Dünyanın yönü değişir mi?

Dünya düzeni, 2008 yılında Lehman Brothers’ın batmasıyla başlayan küresel finansal krizden bu yana, bir belirsizlik ikliminin, bir çeşit ‘fetret devri’nin içinde. Bu zaman dilimini, 1929’da Büyük Buhran’la başlayıp II. Dünya Savaşının bitimine kadar devam eden döneme benzetmek mümkün.

Büyük Buhran’dan sonra da dünya dengesini bir türlü bulamamış, ‘düzen kurucu’ değil ‘tahrip edici’ aktör ve süreçler ön plana çıkmış, insanlık II. Dünya Savaşı gibi tarihin en yıkıcı harplerinden birinin içine sürüklenmiş, sonunda ‘tahrip edici’ güçlerin kesin mağlubiyetiyle yeni bir düzenin kurulabilmesi için uygun koşullar ortaya çıkabilmiştir. Aldığı kritik virajlarla günümüze kadar gelen siyasi ve ekonomik düzenin temelleri, bu büyük savaşın ardından atıldı. İki sistemli bir yapıya dayanan bu düzen, 1970’li yıllarda yaşadığı büyük tıkanmaya rağmen, 80’lerden itibaren ‘cilalı’ bir devir yaşadı. 80’li yılların sonunda düzenin komünist ayağı çöktü ancak diğer ayak güçlenerek varlığını devam ettirdi. Öyle büyük bir zafer havası doğdu ki, tarihin sonu ilan edildi.

90’lı yıllar, bazı irili ufaklı meydan okumalara rağmen bu zafer havası içinde geçti. Global hakimiyetini günden güne berkiten ve bir noktadan sonra yenilmez bir görünüm arz eden liberal küresel düzen, bir çeşit altın çağ yaşadı.

Başta Çin olmak üzere Asya’nın dünyanın üretim üssüne veya fabrikasına dönüştürüldüğü bu yıllara, küresel ‘bolluk çağı’ demek yanlış olmaz. Batı ülkeleri başta olmak üzere dünya, Asya’dan akan ucuz ürünlerle görülmemiş bir refaha boğuldu. O günlerde yapılan popüler bir mukayese ile, sıradan bir süpermarkette kolayca bulunan ve düşük bedellerle satın alınabilen ürünlere, önceki yüzyıllarda değil sıradan halk soylular bile sahip olamamıştı.

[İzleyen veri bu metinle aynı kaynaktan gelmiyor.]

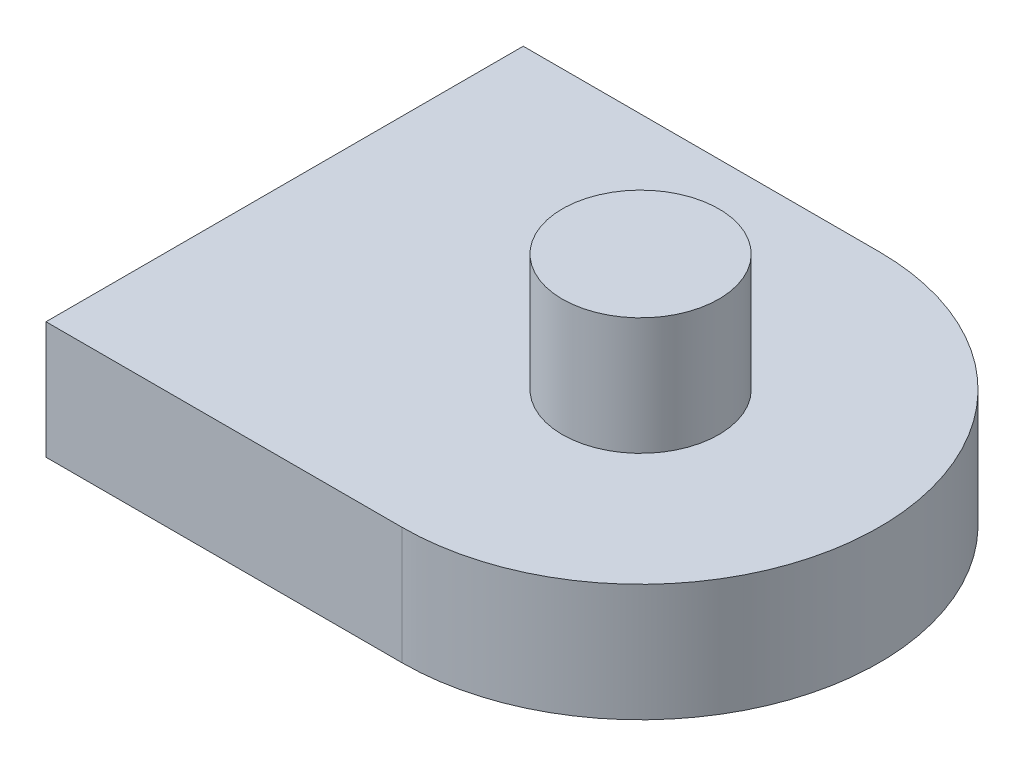
ISO-10303-21;
HEADER;
FILE_DESCRIPTION(('STEP AP214'),'2;1');
FILE_NAME('part.step','',(''),(''),'','','');
FILE_SCHEMA(('AUTOMOTIVE_DESIGN { 1 0 10303 214 1 1 1 1 }'));
ENDSEC;
DATA;
#1=APPLICATION_CONTEXT('core data for automotive mechanical design processes');
#2=APPLICATION_PROTOCOL_DEFINITION('international standard','automotive_design',2000,#1);
#3=PRODUCT_CONTEXT('',#1,'mechanical');
#4=PRODUCT('Part','Part','',(#3));
#5=PRODUCT_RELATED_PRODUCT_CATEGORY('part','',(#4));
#6=PRODUCT_DEFINITION_FORMATION('','',#4);
#7=PRODUCT_DEFINITION_CONTEXT('part definition',#1,'design');
#8=PRODUCT_DEFINITION('design','',#6,#7);
#9=PRODUCT_DEFINITION_SHAPE('','',#8);
#10=(LENGTH_UNIT() NAMED_UNIT(*) SI_UNIT(.MILLI.,.METRE.));
#11=(NAMED_UNIT(*) PLANE_ANGLE_UNIT() SI_UNIT($,.RADIAN.));
#12=(NAMED_UNIT(*) SI_UNIT($,.STERADIAN.) SOLID_ANGLE_UNIT());
#13=UNCERTAINTY_MEASURE_WITH_UNIT(LENGTH_MEASURE(1.E-05),#10,'distance_accuracy_value','');
#14=(GEOMETRIC_REPRESENTATION_CONTEXT(3) GLOBAL_UNCERTAINTY_ASSIGNED_CONTEXT((#13)) GLOBAL_UNIT_ASSIGNED_CONTEXT((#10,
#11,#12)) REPRESENTATION_CONTEXT('',''));
#15=CARTESIAN_POINT('',(0.,0.,0.));
#16=DIRECTION('',(0.,0.,1.));
#17=DIRECTION('',(1.,0.,0.));
#18=AXIS2_PLACEMENT_3D('',#15,#16,#17);
#19=CARTESIAN_POINT('',(-11.2368421052632,3.,-2.19385964912281));
#20=DIRECTION('',(0.,-1.,0.));
#21=DIRECTION('',(0.,0.,-1.));
#22=AXIS2_PLACEMENT_3D('',#19,#20,#21);
#23=CYLINDRICAL_SURFACE('',#22,6.1);
#24=CARTESIAN_POINT('',(-11.2368421052632,0.,-2.19385964912281));
#25=DIRECTION('',(0.,1.,0.));
#26=DIRECTION('',(0.,0.,1.));
#27=AXIS2_PLACEMENT_3D('',#24,#25,#26);
#28=CIRCLE('',#27,6.1);
#29=CARTESIAN_POINT('',(-11.2368421052632,0.,3.90614035087719));
#30=VERTEX_POINT('',#29);
#31=CARTESIAN_POINT('',(-11.2368421052632,0.,-8.29385964912281));
#32=VERTEX_POINT('',#31);
#33=EDGE_CURVE('E116',#30,#32,#28,.T.);
#34=ORIENTED_EDGE('',*,*,#33,.T.);
#35=DIRECTION('',(0.,-1.,0.));
#36=VECTOR('',#35,1.);
#37=CARTESIAN_POINT('',(-11.2368421052632,3.,-8.29385964912281));
#38=LINE('',#37,#36);
#39=CARTESIAN_POINT('',(-11.2368421052632,3.,-8.29385964912281));
#40=VERTEX_POINT('',#39);
#41=EDGE_CURVE('E48',#40,#32,#38,.T.);
#42=ORIENTED_EDGE('',*,*,#41,.F.);
#43=CARTESIAN_POINT('',(-11.2368421052632,3.,-2.19385964912281));
#44=DIRECTION('',(0.,1.,0.));
#45=DIRECTION('',(0.,0.,1.));
#46=AXIS2_PLACEMENT_3D('',#43,#44,#45);
#47=CIRCLE('',#46,6.1);
#48=CARTESIAN_POINT('',(-11.2368421052632,3.,3.90614035087719));
#49=VERTEX_POINT('',#48);
#50=EDGE_CURVE('E99',#49,#40,#47,.T.);
#51=ORIENTED_EDGE('',*,*,#50,.F.);
#52=DIRECTION('',(0.,-1.,0.));
#53=VECTOR('',#52,1.);
#54=CARTESIAN_POINT('',(-11.2368421052632,3.,3.90614035087719));
#55=LINE('',#54,#53);
#56=EDGE_CURVE('E112',#49,#30,#55,.T.);
#57=ORIENTED_EDGE('',*,*,#56,.T.);
#58=EDGE_LOOP('',(#34,#42,#51,#57));
#59=FACE_BOUND('',#58,.T.);
#60=ADVANCED_FACE('F45',(#59),#23,.T.);
#61=CARTESIAN_POINT('',(-20.3368421052632,3.,-8.29385964912281));
#62=DIRECTION('',(0.,0.,1.));
#63=DIRECTION('',(1.,0.,0.));
#64=AXIS2_PLACEMENT_3D('',#61,#62,#63);
#65=PLANE('',#64);
#66=DIRECTION('',(-1.,0.,0.));
#67=VECTOR('',#66,1.);
#68=CARTESIAN_POINT('',(-20.3368421052632,0.,-8.29385964912281));
#69=LINE('',#68,#67);
#70=CARTESIAN_POINT('',(-20.3368421052632,0.,-8.29385964912281));
#71=VERTEX_POINT('',#70);
#72=EDGE_CURVE('E105',#32,#71,#69,.T.);
#73=ORIENTED_EDGE('',*,*,#72,.T.);
#74=DIRECTION('',(0.,-1.,0.));
#75=VECTOR('',#74,1.);
#76=CARTESIAN_POINT('',(-20.3368421052632,3.,-8.29385964912281));
#77=LINE('',#76,#75);
#78=CARTESIAN_POINT('',(-20.3368421052632,3.,-8.29385964912281));
#79=VERTEX_POINT('',#78);
#80=EDGE_CURVE('E103',#79,#71,#77,.T.);
#81=ORIENTED_EDGE('',*,*,#80,.F.);
#82=DIRECTION('',(-1.,0.,0.));
#83=VECTOR('',#82,1.);
#84=CARTESIAN_POINT('',(-20.3368421052632,3.,-8.29385964912281));
#85=LINE('',#84,#83);
#86=EDGE_CURVE('E94',#40,#79,#85,.T.);
#87=ORIENTED_EDGE('',*,*,#86,.F.);
#88=ORIENTED_EDGE('',*,*,#41,.T.);
#89=EDGE_LOOP('',(#73,#81,#87,#88));
#90=FACE_BOUND('',#89,.T.);
#91=ADVANCED_FACE('F104',(#90),#65,.F.);
#92=CARTESIAN_POINT('',(-20.3368421052632,3.,-8.29385964912281));
#93=DIRECTION('',(1.,0.,0.));
#94=DIRECTION('',(0.,0.,-1.));
#95=AXIS2_PLACEMENT_3D('',#92,#93,#94);
#96=PLANE('',#95);
#97=DIRECTION('',(0.,0.,1.));
#98=VECTOR('',#97,1.);
#99=CARTESIAN_POINT('',(-20.3368421052632,0.,-8.29385964912281));
#100=LINE('',#99,#98);
#101=CARTESIAN_POINT('',(-20.3368421052632,0.,3.90614035087719));
#102=VERTEX_POINT('',#101);
#103=EDGE_CURVE('E80',#71,#102,#100,.T.);
#104=ORIENTED_EDGE('',*,*,#103,.T.);
#105=DIRECTION('',(0.,-1.,0.));
#106=VECTOR('',#105,1.);
#107=CARTESIAN_POINT('',(-20.3368421052632,3.,3.90614035087719));
#108=LINE('',#107,#106);
#109=CARTESIAN_POINT('',(-20.3368421052632,3.,3.90614035087719));
#110=VERTEX_POINT('',#109);
#111=EDGE_CURVE('E107',#110,#102,#108,.T.);
#112=ORIENTED_EDGE('',*,*,#111,.F.);
#113=DIRECTION('',(0.,0.,1.));
#114=VECTOR('',#113,1.);
#115=CARTESIAN_POINT('',(-20.3368421052632,3.,-8.29385964912281));
#116=LINE('',#115,#114);
#117=EDGE_CURVE('E97',#79,#110,#116,.T.);
#118=ORIENTED_EDGE('',*,*,#117,.F.);
#119=ORIENTED_EDGE('',*,*,#80,.T.);
#120=EDGE_LOOP('',(#104,#112,#118,#119));
#121=FACE_BOUND('',#120,.T.);
#122=ADVANCED_FACE('F108',(#121),#96,.F.);
#123=CARTESIAN_POINT('',(-20.3368421052632,3.,3.90614035087719));
#124=DIRECTION('',(0.,0.,-1.));
#125=DIRECTION('',(-1.,0.,0.));
#126=AXIS2_PLACEMENT_3D('',#123,#124,#125);
#127=PLANE('',#126);
#128=DIRECTION('',(1.,0.,0.));
#129=VECTOR('',#128,1.);
#130=CARTESIAN_POINT('',(-20.3368421052632,0.,3.90614035087719));
#131=LINE('',#130,#129);
#132=EDGE_CURVE('E86',#102,#30,#131,.T.);
#133=ORIENTED_EDGE('',*,*,#132,.T.);
#134=ORIENTED_EDGE('',*,*,#56,.F.);
#135=DIRECTION('',(1.,0.,0.));
#136=VECTOR('',#135,1.);
#137=CARTESIAN_POINT('',(-20.3368421052632,3.,3.90614035087719));
#138=LINE('',#137,#136);
#139=EDGE_CURVE('E63',#110,#49,#138,.T.);
#140=ORIENTED_EDGE('',*,*,#139,.F.);
#141=ORIENTED_EDGE('',*,*,#111,.T.);
#142=EDGE_LOOP('',(#133,#134,#140,#141));
#143=FACE_BOUND('',#142,.T.);
#144=ADVANCED_FACE('F130',(#143),#127,.F.);
#145=CARTESIAN_POINT('',(-11.2368421052632,3.,-2.19385964912281));
#146=DIRECTION('',(0.,1.,0.));
#147=DIRECTION('',(0.,0.,1.));
#148=AXIS2_PLACEMENT_3D('',#145,#146,#147);
#149=PLANE('',#148);
#150=CARTESIAN_POINT('',(-11.2368421052632,3.,-2.19385964912281));
#151=DIRECTION('',(0.,1.,0.));
#152=DIRECTION('',(0.,0.,1.));
#153=AXIS2_PLACEMENT_3D('',#150,#151,#152);
#154=CIRCLE('',#153,2.);
#155=CARTESIAN_POINT('',(-11.2368421052632,3.,-0.193859649122809));
#156=VERTEX_POINT('',#155);
#157=EDGE_CURVE('E11',#156,#156,#154,.T.);
#158=ORIENTED_EDGE('',*,*,#157,.F.);
#159=EDGE_LOOP('',(#158));
#160=FACE_BOUND('',#159,.T.);
#161=ORIENTED_EDGE('',*,*,#50,.T.);
#162=ORIENTED_EDGE('',*,*,#86,.T.);
#163=ORIENTED_EDGE('',*,*,#117,.T.);
#164=ORIENTED_EDGE('',*,*,#139,.T.);
#165=EDGE_LOOP('',(#161,#162,#163,#164));
#166=FACE_BOUND('',#165,.T.);
#167=ADVANCED_FACE('F95',(#160,#166),#149,.T.);
#168=CARTESIAN_POINT('',(-11.2368421052632,0.,-2.19385964912281));
#169=DIRECTION('',(0.,1.,0.));
#170=DIRECTION('',(0.,0.,1.));
#171=AXIS2_PLACEMENT_3D('',#168,#169,#170);
#172=PLANE('',#171);
#173=ORIENTED_EDGE('',*,*,#33,.F.);
#174=ORIENTED_EDGE('',*,*,#132,.F.);
#175=ORIENTED_EDGE('',*,*,#103,.F.);
#176=ORIENTED_EDGE('',*,*,#72,.F.);
#177=EDGE_LOOP('',(#173,#174,#175,#176));
#178=FACE_BOUND('',#177,.T.);
#179=ADVANCED_FACE('F133',(#178),#172,.F.);
#180=CARTESIAN_POINT('',(-11.2368421052632,6.,-2.19385964912281));
#181=DIRECTION('',(0.,-1.,0.));
#182=DIRECTION('',(0.,0.,-1.));
#183=AXIS2_PLACEMENT_3D('',#180,#181,#182);
#184=CYLINDRICAL_SURFACE('',#183,2.);
#185=CARTESIAN_POINT('',(-11.2368421052632,6.,-2.19385964912281));
#186=DIRECTION('',(0.,1.,0.));
#187=DIRECTION('',(0.,0.,1.));
#188=AXIS2_PLACEMENT_3D('',#185,#186,#187);
#189=CIRCLE('',#188,2.);
#190=CARTESIAN_POINT('',(-11.2368421052632,6.,-0.193859649122809));
#191=VERTEX_POINT('',#190);
#192=EDGE_CURVE('E120',#191,#191,#189,.T.);
#193=ORIENTED_EDGE('',*,*,#192,.F.);
#194=EDGE_LOOP('',(#193));
#195=FACE_BOUND('',#194,.T.);
#196=ORIENTED_EDGE('',*,*,#157,.T.);
#197=EDGE_LOOP('',(#196));
#198=FACE_BOUND('',#197,.T.);
#199=ADVANCED_FACE('F143',(#195,#198),#184,.T.);
#200=CARTESIAN_POINT('',(-11.2368421052632,6.,-2.19385964912281));
#201=DIRECTION('',(0.,1.,0.));
#202=DIRECTION('',(0.,0.,1.));
#203=AXIS2_PLACEMENT_3D('',#200,#201,#202);
#204=PLANE('',#203);
#205=ORIENTED_EDGE('',*,*,#192,.T.);
#206=EDGE_LOOP('',(#205));
#207=FACE_BOUND('',#206,.T.);
#208=ADVANCED_FACE('F141',(#207),#204,.T.);
#209=CLOSED_SHELL('',(#60,#91,#122,#144,#167,#179,#199,#208));
#210=MANIFOLD_SOLID_BREP('B2',#209);
#211=ADVANCED_BREP_SHAPE_REPRESENTATION('',(#18,#210),#14);
#212=SHAPE_DEFINITION_REPRESENTATION(#9,#211);
ENDSEC;
END-ISO-10303-21;

Bu parlak dönem, 2000’li yılların ortalarına kadar devam etti, ondan sonra tekleme işaretleri gelmeye başladı. Asya’nın fabrika, Batı’nın ana pazar olarak konumlandırıldığı bu düzen, daha fazla sürdürülemezdi. İşin doğrusu, bu ‘küresel lale devri’ sonunu getirecek arızaları da bünyesinde bulunduruyordu. Arızanın açığa çıktığı ve tüm dünyayı sarsan an, 2008 küresel krizinin başlangıcı oldu. Dünya, o günden bugündür rahat yüzü görmedi. Tepkili geniş halk kitleleri sağ ve sol popülist hareketleri iktidara taşıdı. Globalleşme ve uluslararası ticaret sorgulanmaya başlandı. II. Dünya Savaşı sonrasında kurulmuş, Birleşmiş Milletler’den NATO’ya kadar pek çok uluslararası organizasyon eleştirilerin odağına oturtuldu, işlevsizlikle ve hatta ayak bağı olmakla itham edildi. Dünyanın farklı coğrafyalarında, tıpkı II. Dünya Savaşından önce olduğu gibi, düzen kurucu veya sürdürücü aktörler güç kaybederken, tahripkâr hareketler revaç bulmaya başladı.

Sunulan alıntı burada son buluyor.